Under the so-called principle of contra proferentum, ambiguities in insurance policies are, in appropriate cases, construed in favour of the insured on the ground that the insurers have selected the wording of the policy and that they are, therefore, not to be entitled to the benefit of any genuine doubts created by their own draftsmanship which cannot be resolved by employing the ordinary rules of construction. In my view the principle was correctly stated by Lord Sumner in London and Lancashire Fire Insurance Company v. Bolands, Limited, and the following language in my opinion has direct application to the present case:
It is suggested further that there is some ambiguity about the proviso, and that, under the various well-known authorities, upon the principle of reading words contra proferentes, we ought to construe this proviso, which is in favour of the insurance company, adversely to them. That, however, is a principle which depends upon there being some ambiguity—that is to say, some choice of an expression—by those who are responsible for putting forward the clause, which leaves one unable to decide which of two meanings is the right one. In the present case it is a question only of construction. There may be some difficulty, there may be even some difference of opinion, about the construction, but it is a question quite capable of being solved by the ordinary rules of grammar, and it appears to me that there is no ground for saying that there is such an ambiguity as would warrant us in reading the clause otherwise than in accordance with its express terms. (The italics are mine.)
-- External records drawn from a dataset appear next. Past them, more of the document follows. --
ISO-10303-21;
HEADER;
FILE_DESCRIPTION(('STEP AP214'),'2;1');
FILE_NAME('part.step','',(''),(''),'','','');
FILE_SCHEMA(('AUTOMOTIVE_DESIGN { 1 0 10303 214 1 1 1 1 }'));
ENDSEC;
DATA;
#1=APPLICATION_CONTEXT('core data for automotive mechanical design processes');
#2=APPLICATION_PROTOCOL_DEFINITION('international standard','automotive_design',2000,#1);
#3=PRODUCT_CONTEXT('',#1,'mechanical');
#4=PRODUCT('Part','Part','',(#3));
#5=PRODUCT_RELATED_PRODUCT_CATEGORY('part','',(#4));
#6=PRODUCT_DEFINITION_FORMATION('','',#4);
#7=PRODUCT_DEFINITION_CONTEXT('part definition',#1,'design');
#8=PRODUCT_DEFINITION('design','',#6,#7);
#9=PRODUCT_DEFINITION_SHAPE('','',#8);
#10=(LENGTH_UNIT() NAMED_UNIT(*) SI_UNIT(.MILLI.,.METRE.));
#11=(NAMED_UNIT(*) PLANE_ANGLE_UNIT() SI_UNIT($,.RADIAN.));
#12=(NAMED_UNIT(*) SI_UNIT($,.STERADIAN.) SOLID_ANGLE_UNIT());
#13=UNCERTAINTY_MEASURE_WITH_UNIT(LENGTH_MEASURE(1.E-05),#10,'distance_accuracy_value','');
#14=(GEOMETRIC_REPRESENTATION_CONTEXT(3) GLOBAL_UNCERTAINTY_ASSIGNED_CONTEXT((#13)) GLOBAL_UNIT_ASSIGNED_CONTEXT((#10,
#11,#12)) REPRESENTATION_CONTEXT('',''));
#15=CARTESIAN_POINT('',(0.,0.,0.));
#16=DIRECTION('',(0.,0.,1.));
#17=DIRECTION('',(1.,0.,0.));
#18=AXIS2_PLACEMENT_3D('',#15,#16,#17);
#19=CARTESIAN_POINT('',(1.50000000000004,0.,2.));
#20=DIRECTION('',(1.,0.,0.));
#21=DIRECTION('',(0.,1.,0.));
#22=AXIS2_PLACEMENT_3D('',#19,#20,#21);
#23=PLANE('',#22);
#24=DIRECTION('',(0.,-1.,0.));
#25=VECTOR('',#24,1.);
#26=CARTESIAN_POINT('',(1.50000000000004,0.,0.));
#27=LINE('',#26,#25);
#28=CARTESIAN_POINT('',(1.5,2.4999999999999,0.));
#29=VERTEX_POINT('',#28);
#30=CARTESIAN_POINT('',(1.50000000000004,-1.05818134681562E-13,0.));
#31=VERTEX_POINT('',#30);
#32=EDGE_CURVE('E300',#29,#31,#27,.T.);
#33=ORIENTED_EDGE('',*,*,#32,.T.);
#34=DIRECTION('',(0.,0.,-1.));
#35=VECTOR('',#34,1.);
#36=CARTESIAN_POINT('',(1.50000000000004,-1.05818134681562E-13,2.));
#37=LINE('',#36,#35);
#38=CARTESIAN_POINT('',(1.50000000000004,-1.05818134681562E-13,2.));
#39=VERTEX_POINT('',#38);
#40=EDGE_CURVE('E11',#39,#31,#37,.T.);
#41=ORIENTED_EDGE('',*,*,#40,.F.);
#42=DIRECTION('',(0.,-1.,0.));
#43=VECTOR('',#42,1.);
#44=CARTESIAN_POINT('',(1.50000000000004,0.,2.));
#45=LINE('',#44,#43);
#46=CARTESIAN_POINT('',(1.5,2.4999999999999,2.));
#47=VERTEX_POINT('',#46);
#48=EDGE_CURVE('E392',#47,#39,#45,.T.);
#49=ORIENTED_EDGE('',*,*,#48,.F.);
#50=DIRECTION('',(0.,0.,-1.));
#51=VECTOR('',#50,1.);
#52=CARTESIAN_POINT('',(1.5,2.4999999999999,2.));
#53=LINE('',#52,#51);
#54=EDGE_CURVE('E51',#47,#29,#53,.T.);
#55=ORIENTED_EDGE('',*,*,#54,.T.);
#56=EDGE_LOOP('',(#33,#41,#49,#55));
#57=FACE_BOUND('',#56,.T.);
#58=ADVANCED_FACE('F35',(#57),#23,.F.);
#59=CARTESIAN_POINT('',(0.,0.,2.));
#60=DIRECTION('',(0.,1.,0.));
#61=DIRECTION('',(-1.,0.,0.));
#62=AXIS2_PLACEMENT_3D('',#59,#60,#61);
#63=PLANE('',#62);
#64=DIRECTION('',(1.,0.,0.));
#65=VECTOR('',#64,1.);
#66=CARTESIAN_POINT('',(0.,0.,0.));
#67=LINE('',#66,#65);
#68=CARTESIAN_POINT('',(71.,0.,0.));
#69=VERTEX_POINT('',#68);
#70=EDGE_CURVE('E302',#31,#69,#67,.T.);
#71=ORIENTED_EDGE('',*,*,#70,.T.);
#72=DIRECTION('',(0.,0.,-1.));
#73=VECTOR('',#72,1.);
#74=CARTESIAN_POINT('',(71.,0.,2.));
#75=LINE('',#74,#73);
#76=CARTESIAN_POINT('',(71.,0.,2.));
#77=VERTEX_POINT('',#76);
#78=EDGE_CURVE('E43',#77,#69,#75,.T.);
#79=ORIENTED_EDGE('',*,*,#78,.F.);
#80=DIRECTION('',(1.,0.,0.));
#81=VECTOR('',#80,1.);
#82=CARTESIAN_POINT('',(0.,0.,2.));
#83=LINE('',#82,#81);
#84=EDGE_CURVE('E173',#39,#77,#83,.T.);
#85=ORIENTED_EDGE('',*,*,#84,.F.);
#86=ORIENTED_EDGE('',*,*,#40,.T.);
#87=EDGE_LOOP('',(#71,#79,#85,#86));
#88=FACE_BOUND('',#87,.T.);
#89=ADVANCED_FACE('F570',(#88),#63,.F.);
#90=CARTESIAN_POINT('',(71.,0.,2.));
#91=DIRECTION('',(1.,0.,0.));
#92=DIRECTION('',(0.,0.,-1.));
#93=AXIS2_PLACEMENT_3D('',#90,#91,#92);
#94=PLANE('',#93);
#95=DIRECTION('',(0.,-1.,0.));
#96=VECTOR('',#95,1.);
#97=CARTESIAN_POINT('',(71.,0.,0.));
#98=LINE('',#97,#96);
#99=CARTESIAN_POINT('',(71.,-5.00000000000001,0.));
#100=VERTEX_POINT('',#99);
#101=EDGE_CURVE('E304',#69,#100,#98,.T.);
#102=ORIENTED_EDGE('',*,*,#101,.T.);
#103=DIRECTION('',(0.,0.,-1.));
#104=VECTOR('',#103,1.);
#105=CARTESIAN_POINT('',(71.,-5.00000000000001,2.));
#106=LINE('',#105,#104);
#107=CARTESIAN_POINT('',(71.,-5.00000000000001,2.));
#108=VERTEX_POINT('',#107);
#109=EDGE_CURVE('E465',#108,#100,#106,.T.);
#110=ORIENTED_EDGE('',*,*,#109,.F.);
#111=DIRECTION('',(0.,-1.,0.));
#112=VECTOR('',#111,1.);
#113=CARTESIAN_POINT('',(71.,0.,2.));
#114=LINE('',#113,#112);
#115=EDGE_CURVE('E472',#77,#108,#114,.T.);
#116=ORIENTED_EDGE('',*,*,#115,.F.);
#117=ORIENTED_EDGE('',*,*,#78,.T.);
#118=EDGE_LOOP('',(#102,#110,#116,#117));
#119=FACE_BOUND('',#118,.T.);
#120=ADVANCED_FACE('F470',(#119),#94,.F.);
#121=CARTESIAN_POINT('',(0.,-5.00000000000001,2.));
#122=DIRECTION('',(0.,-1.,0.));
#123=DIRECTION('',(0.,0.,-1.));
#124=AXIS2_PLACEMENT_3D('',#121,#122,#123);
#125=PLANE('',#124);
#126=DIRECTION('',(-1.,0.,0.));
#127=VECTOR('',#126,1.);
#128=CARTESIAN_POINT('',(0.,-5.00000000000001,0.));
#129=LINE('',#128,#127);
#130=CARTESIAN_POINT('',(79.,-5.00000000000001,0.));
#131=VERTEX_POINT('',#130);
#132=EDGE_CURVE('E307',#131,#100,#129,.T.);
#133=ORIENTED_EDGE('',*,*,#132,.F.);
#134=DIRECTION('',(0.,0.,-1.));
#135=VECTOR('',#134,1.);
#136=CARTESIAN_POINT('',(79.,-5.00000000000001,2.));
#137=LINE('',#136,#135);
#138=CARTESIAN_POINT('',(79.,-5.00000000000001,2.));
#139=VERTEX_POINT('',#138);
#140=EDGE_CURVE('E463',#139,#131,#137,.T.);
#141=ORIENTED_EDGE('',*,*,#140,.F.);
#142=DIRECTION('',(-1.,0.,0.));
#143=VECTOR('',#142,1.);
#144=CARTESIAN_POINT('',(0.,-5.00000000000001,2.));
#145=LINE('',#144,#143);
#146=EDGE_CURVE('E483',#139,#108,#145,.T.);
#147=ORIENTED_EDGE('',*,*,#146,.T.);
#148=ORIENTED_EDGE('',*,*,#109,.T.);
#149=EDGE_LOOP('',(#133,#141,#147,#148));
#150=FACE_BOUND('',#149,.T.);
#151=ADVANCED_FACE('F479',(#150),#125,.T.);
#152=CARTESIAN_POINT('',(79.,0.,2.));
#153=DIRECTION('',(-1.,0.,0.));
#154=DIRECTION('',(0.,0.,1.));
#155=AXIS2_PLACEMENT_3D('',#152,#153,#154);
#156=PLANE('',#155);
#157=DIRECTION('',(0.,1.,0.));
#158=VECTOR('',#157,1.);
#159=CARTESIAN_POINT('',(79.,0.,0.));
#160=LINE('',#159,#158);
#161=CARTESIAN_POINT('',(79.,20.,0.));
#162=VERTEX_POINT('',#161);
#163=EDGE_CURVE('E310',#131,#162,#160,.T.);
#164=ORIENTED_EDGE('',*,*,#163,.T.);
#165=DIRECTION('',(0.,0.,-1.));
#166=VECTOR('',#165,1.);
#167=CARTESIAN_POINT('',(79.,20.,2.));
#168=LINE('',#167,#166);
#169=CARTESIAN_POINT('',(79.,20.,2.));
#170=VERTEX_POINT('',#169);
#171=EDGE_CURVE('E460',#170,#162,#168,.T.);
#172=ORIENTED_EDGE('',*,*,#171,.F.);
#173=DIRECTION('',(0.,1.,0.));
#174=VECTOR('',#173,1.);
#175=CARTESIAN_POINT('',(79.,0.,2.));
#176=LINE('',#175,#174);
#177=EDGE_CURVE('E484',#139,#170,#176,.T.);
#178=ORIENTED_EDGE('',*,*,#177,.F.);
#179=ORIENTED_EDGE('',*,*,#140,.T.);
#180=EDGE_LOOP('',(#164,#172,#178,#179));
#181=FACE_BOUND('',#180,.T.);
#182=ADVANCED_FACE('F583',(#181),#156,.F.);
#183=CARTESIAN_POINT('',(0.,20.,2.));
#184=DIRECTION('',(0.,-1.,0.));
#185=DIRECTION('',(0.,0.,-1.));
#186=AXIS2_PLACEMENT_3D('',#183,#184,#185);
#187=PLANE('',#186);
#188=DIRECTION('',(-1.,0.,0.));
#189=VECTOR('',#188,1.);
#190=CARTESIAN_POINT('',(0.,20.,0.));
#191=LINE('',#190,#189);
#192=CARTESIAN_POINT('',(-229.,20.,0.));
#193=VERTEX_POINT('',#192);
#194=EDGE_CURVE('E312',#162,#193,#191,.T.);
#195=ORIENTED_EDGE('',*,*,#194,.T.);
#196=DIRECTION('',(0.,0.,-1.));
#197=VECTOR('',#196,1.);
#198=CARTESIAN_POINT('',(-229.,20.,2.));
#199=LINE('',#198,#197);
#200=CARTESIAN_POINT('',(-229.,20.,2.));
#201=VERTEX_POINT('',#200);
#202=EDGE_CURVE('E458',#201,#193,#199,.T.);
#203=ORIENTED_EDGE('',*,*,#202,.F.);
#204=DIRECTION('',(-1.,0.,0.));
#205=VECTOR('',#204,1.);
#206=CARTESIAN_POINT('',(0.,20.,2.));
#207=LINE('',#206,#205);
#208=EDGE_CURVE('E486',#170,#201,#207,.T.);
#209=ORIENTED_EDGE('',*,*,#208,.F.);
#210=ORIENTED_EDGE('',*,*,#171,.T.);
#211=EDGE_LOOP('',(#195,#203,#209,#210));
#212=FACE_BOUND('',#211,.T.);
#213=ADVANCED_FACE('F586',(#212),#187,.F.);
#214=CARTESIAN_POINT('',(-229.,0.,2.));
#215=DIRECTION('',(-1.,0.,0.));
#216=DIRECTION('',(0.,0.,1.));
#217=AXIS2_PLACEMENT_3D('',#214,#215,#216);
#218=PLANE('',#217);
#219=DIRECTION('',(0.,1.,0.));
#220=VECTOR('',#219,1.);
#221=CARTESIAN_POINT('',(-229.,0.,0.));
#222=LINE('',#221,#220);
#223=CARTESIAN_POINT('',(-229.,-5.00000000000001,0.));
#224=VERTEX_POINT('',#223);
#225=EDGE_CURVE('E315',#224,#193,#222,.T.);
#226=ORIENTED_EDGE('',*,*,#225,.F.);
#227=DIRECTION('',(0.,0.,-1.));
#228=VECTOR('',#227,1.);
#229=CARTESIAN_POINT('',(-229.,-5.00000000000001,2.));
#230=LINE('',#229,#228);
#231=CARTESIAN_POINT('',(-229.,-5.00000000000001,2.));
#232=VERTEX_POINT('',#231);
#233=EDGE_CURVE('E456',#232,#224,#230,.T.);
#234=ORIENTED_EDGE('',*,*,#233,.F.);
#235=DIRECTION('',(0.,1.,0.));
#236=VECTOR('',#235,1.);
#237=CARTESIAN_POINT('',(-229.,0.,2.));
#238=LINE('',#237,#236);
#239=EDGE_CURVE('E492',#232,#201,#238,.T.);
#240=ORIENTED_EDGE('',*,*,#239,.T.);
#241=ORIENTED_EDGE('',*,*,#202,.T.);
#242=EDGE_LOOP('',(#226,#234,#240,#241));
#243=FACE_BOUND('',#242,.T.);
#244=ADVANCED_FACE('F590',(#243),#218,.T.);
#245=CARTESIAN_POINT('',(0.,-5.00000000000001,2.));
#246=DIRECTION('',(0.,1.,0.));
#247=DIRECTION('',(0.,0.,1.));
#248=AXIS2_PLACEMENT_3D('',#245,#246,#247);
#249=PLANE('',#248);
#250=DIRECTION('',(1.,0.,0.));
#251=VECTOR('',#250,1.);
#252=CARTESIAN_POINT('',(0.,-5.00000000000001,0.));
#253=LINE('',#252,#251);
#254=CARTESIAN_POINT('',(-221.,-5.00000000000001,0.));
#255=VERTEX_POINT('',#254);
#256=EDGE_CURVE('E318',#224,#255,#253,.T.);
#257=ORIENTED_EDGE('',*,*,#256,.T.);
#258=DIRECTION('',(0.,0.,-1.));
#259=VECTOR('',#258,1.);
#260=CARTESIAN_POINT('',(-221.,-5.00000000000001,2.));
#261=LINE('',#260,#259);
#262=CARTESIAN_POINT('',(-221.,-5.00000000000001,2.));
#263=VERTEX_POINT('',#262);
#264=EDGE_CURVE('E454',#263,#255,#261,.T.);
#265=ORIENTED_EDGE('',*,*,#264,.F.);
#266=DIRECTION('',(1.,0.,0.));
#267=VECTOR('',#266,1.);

It is clear that the principle is limited in its application to cases in which the ambiguity has been created by words which the insurers have themselves selected and its force is very considerably weakened when it appears that the wording of the policy has been arrived at, as it was in the present
[Page 564]
case, as the result of negotiation between the insurers and a broker for the insured. In any event, I cannot see that the principle could have any application to the terms of a document such as the Certificate of Airworthiness in the present case which was at all times in the possession of the insured and the wording of which was not selected by the insurers but was unknown to them because the insured failed to disclose it. I do not find any ambiguity in the combined effect of clause J of the policy and the provisions of the Certificate of Airworthiness, but if such ambiguity existed, the contra proferentum rule could not, in my opinion, be applied to the Certificate.
As I have indicated, I would dispose of this appeal as proposed by my brother Locke.
Appeal dismissed with costs.
Solicitors for the plaintiff, appellant: Russell & Dumoulin, Vancouver.
Solicitors for the defendants, respondents: Bull, Housser, Tupper, Ray, Guy & Merritt, Vancouver.